(THE INPUT):
---*---

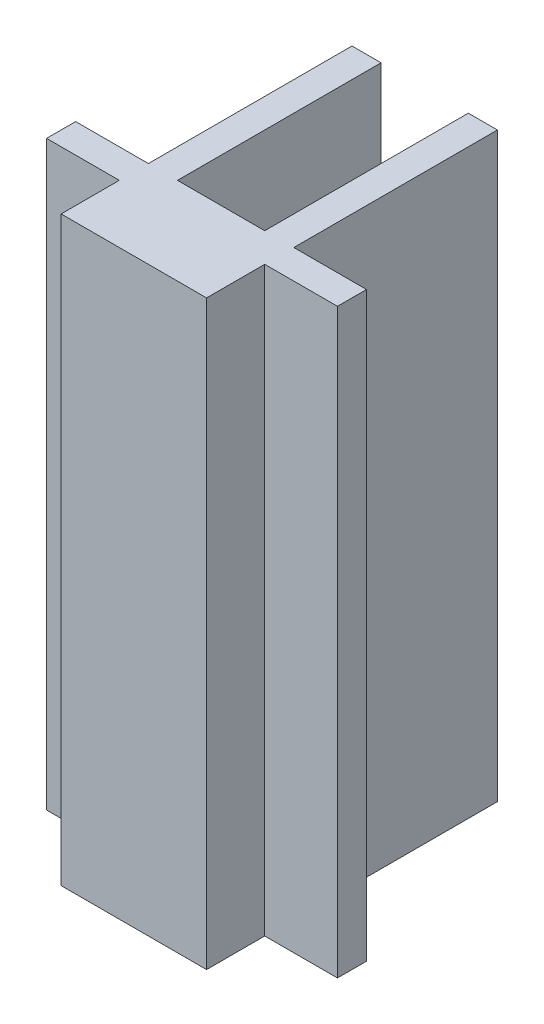
ISO-10303-21;
HEADER;
FILE_DESCRIPTION(('STEP AP214'),'2;1');
FILE_NAME('part.step','',(''),(''),'','','');
FILE_SCHEMA(('AUTOMOTIVE_DESIGN { 1 0 10303 214 1 1 1 1 }'));
ENDSEC;
DATA;
#1=APPLICATION_CONTEXT('core data for automotive mechanical design processes');
#2=APPLICATION_PROTOCOL_DEFINITION('international standard','automotive_design',2000,#1);
#3=PRODUCT_CONTEXT('',#1,'mechanical');
#4=PRODUCT('Part','Part','',(#3));
#5=PRODUCT_RELATED_PRODUCT_CATEGORY('part','',(#4));
#6=PRODUCT_DEFINITION_FORMATION('','',#4);
#7=PRODUCT_DEFINITION_CONTEXT('part definition',#1,'design');
#8=PRODUCT_DEFINITION('design','',#6,#7);
#9=PRODUCT_DEFINITION_SHAPE('','',#8);
#10=(LENGTH_UNIT() NAMED_UNIT(*) SI_UNIT(.MILLI.,.METRE.));
#11=(NAMED_UNIT(*) PLANE_ANGLE_UNIT() SI_UNIT($,.RADIAN.));
#12=(NAMED_UNIT(*) SI_UNIT($,.STERADIAN.) SOLID_ANGLE_UNIT());
#13=UNCERTAINTY_MEASURE_WITH_UNIT(LENGTH_MEASURE(1.E-05),#10,'distance_accuracy_value','');
#14=(GEOMETRIC_REPRESENTATION_CONTEXT(3) GLOBAL_UNCERTAINTY_ASSIGNED_CONTEXT((#13)) GLOBAL_UNIT_ASSIGNED_CONTEXT((#10,
#11,#12)) REPRESENTATION_CONTEXT('',''));
#15=CARTESIAN_POINT('',(0.,0.,0.));
#16=DIRECTION('',(0.,0.,1.));
#17=DIRECTION('',(1.,0.,0.));
#18=AXIS2_PLACEMENT_3D('',#15,#16,#17);
#19=CARTESIAN_POINT('',(30.,200.,0.));
#20=DIRECTION('',(-1.,0.,0.));
#21=DIRECTION('',(0.,0.,1.));
#22=AXIS2_PLACEMENT_3D('',#19,#20,#21);
#23=PLANE('',#22);
#24=DIRECTION('',(0.,0.,-1.));
#25=VECTOR('',#24,1.);
#26=CARTESIAN_POINT('',(30.,0.,0.));
#27=LINE('',#26,#25);
#28=CARTESIAN_POINT('',(30.,0.,40.));
#29=VERTEX_POINT('',#28);
#30=CARTESIAN_POINT('',(30.,0.,30.));
#31=VERTEX_POINT('',#30);
#32=EDGE_CURVE('E212',#29,#31,#27,.T.);
#33=ORIENTED_EDGE('',*,*,#32,.T.);
#34=DIRECTION('',(0.,-1.,0.));
#35=VECTOR('',#34,1.);
#36=CARTESIAN_POINT('',(30.,200.,30.));
#37=LINE('',#36,#35);
#38=CARTESIAN_POINT('',(30.,200.,30.));
#39=VERTEX_POINT('',#38);
#40=EDGE_CURVE('E117',#39,#31,#37,.T.);
#41=ORIENTED_EDGE('',*,*,#40,.F.);
#42=DIRECTION('',(0.,0.,-1.));
#43=VECTOR('',#42,1.);
#44=CARTESIAN_POINT('',(30.,200.,0.));
#45=LINE('',#44,#43);
#46=CARTESIAN_POINT('',(30.,200.,40.));
#47=VERTEX_POINT('',#46);
#48=EDGE_CURVE('E201',#47,#39,#45,.T.);
#49=ORIENTED_EDGE('',*,*,#48,.F.);
#50=DIRECTION('',(0.,-1.,0.));
#51=VECTOR('',#50,1.);
#52=CARTESIAN_POINT('',(30.,200.,40.));
#53=LINE('',#52,#51);
#54=EDGE_CURVE('E12',#47,#29,#53,.T.);
#55=ORIENTED_EDGE('',*,*,#54,.T.);
#56=EDGE_LOOP('',(#33,#41,#49,#55));
#57=FACE_BOUND('',#56,.T.);
#58=ADVANCED_FACE('F107',(#57),#23,.F.);
#59=CARTESIAN_POINT('',(0.,200.,30.));
#60=DIRECTION('',(0.,0.,-1.));
#61=DIRECTION('',(-1.,0.,0.));
#62=AXIS2_PLACEMENT_3D('',#59,#60,#61);
#63=PLANE('',#62);
#64=DIRECTION('',(1.,0.,0.));
#65=VECTOR('',#64,1.);
#66=CARTESIAN_POINT('',(0.,0.,30.));
#67=LINE('',#66,#65);
#68=CARTESIAN_POINT('',(5.,0.,30.));
#69=VERTEX_POINT('',#68);
#70=EDGE_CURVE('E229',#69,#31,#67,.T.);
#71=ORIENTED_EDGE('',*,*,#70,.F.);
#72=DIRECTION('',(0.,-1.,0.));
#73=VECTOR('',#72,1.);
#74=CARTESIAN_POINT('',(5.,200.,30.));
#75=LINE('',#74,#73);
#76=CARTESIAN_POINT('',(5.,200.,30.));
#77=VERTEX_POINT('',#76);
#78=EDGE_CURVE('E216',#77,#69,#75,.T.);
#79=ORIENTED_EDGE('',*,*,#78,.F.);
#80=DIRECTION('',(1.,0.,0.));
#81=VECTOR('',#80,1.);
#82=CARTESIAN_POINT('',(0.,200.,30.));
#83=LINE('',#82,#81);
#84=EDGE_CURVE('E205',#77,#39,#83,.T.);
#85=ORIENTED_EDGE('',*,*,#84,.T.);
#86=ORIENTED_EDGE('',*,*,#40,.T.);
#87=EDGE_LOOP('',(#71,#79,#85,#86));
#88=FACE_BOUND('',#87,.T.);
#89=ADVANCED_FACE('F218',(#88),#63,.T.);
#90=CARTESIAN_POINT('',(0.,200.,40.));
#91=DIRECTION('',(0.,0.,-1.));
#92=DIRECTION('',(-1.,0.,0.));
#93=AXIS2_PLACEMENT_3D('',#90,#91,#92);
#94=PLANE('',#93);
#95=DIRECTION('',(1.,0.,0.));
#96=VECTOR('',#95,1.);
#97=CARTESIAN_POINT('',(0.,0.,40.));
#98=LINE('',#97,#96);
#99=CARTESIAN_POINT('',(5.,0.,40.));
#100=VERTEX_POINT('',#99);
#101=EDGE_CURVE('E224',#100,#29,#98,.T.);
#102=ORIENTED_EDGE('',*,*,#101,.T.);
#103=ORIENTED_EDGE('',*,*,#54,.F.);
#104=DIRECTION('',(1.,0.,0.));
#105=VECTOR('',#104,1.);
#106=CARTESIAN_POINT('',(0.,200.,40.));
#107=LINE('',#106,#105);
#108=CARTESIAN_POINT('',(5.,200.,40.));
#109=VERTEX_POINT('',#108);
#110=EDGE_CURVE('E207',#109,#47,#107,.T.);
#111=ORIENTED_EDGE('',*,*,#110,.F.);
#112=DIRECTION('',(0.,-1.,0.));
#113=VECTOR('',#112,1.);
#114=CARTESIAN_POINT('',(5.,200.,40.));
#115=LINE('',#114,#113);
#116=EDGE_CURVE('E126',#109,#100,#115,.T.);
#117=ORIENTED_EDGE('',*,*,#116,.T.);
#118=EDGE_LOOP('',(#102,#103,#111,#117));
#119=FACE_BOUND('',#118,.T.);
#120=ADVANCED_FACE('F280',(#119),#94,.F.);
#121=CARTESIAN_POINT('',(0.,0.,0.));
#122=DIRECTION('',(0.,1.,0.));
#123=DIRECTION('',(0.,0.,1.));
#124=AXIS2_PLACEMENT_3D('',#121,#122,#123);
#125=PLANE('',#124);
#126=ORIENTED_EDGE('',*,*,#101,.F.);
#127=DIRECTION('',(0.,0.,1.));
#128=VECTOR('',#127,1.);
#129=CARTESIAN_POINT('',(5.,0.,30.));
#130=LINE('',#129,#128);
#131=CARTESIAN_POINT('',(5.,0.,60.));
#132=VERTEX_POINT('',#131);
#133=EDGE_CURVE('E171',#100,#132,#130,.T.);
#134=ORIENTED_EDGE('',*,*,#133,.T.);
#135=DIRECTION('',(-1.,0.,0.));
#136=VECTOR('',#135,1.);
#137=CARTESIAN_POINT('',(5.,0.,60.));
#138=LINE('',#137,#136);
#139=CARTESIAN_POINT('',(-45.,0.,60.));
#140=VERTEX_POINT('',#139);
#141=EDGE_CURVE('E282',#132,#140,#138,.T.);
#142=ORIENTED_EDGE('',*,*,#141,.T.);
#143=DIRECTION('',(0.,0.,-1.));
#144=VECTOR('',#143,1.);
#145=CARTESIAN_POINT('',(-45.,0.,0.));
#146=LINE('',#145,#144);
#147=CARTESIAN_POINT('',(-45.,0.,40.));
#148=VERTEX_POINT('',#147);
#149=EDGE_CURVE('E326',#140,#148,#146,.T.);
#150=ORIENTED_EDGE('',*,*,#149,.T.);
#151=DIRECTION('',(-1.,0.,0.));
#152=VECTOR('',#151,1.);
#153=CARTESIAN_POINT('',(-40.,0.,40.));
#154=LINE('',#153,#152);
#155=CARTESIAN_POINT('',(-70.,0.,40.));
#156=VERTEX_POINT('',#155);
#157=EDGE_CURVE('E319',#148,#156,#154,.T.);
#158=ORIENTED_EDGE('',*,*,#157,.T.);
#159=DIRECTION('',(0.,0.,-1.));
#160=VECTOR('',#159,1.);
#161=CARTESIAN_POINT('',(-70.,0.,0.));
#162=LINE('',#161,#160);
#163=CARTESIAN_POINT('',(-70.,0.,30.));
#164=VERTEX_POINT('',#163);
#165=EDGE_CURVE('E399',#156,#164,#162,.T.);
#166=ORIENTED_EDGE('',*,*,#165,.T.);
#167=DIRECTION('',(-1.,0.,0.));
#168=VECTOR('',#167,1.);
#169=CARTESIAN_POINT('',(-40.,0.,30.));
#170=LINE('',#169,#168);
#171=CARTESIAN_POINT('',(-45.,0.,30.));
#172=VERTEX_POINT('',#171);
#173=EDGE_CURVE('E407',#172,#164,#170,.T.);
#174=ORIENTED_EDGE('',*,*,#173,.F.);
#175=CARTESIAN_POINT('',(-45.,0.,-40.));
#176=VERTEX_POINT('',#175);
#177=EDGE_CURVE('E331',#172,#176,#146,.T.);
#178=ORIENTED_EDGE('',*,*,#177,.T.);
#179=DIRECTION('',(-1.,0.,0.));
#180=VECTOR('',#179,1.);
#181=CARTESIAN_POINT('',(-40.,0.,-40.));
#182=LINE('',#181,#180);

---*---

Only the lines above starting at the one containing "#50=DIRECTION('',(0.,-1.,0.));" and ending at the one containing "#59=CARTESIAN_POINT('',(0.,200.,30.));", both included, are to be returned, exactly as they read.

(RESPONSE TO THE TASK):
#50=DIRECTION('',(0.,-1.,0.));
#51=VECTOR('',#50,1.);
#52=CARTESIAN_POINT('',(30.,200.,40.));
#53=LINE('',#52,#51);
#54=EDGE_CURVE('E12',#47,#29,#53,.T.);
#55=ORIENTED_EDGE('',*,*,#54,.T.);
#56=EDGE_LOOP('',(#33,#41,#49,#55));
#57=FACE_BOUND('',#56,.T.);
#58=ADVANCED_FACE('F107',(#57),#23,.F.);
#59=CARTESIAN_POINT('',(0.,200.,30.));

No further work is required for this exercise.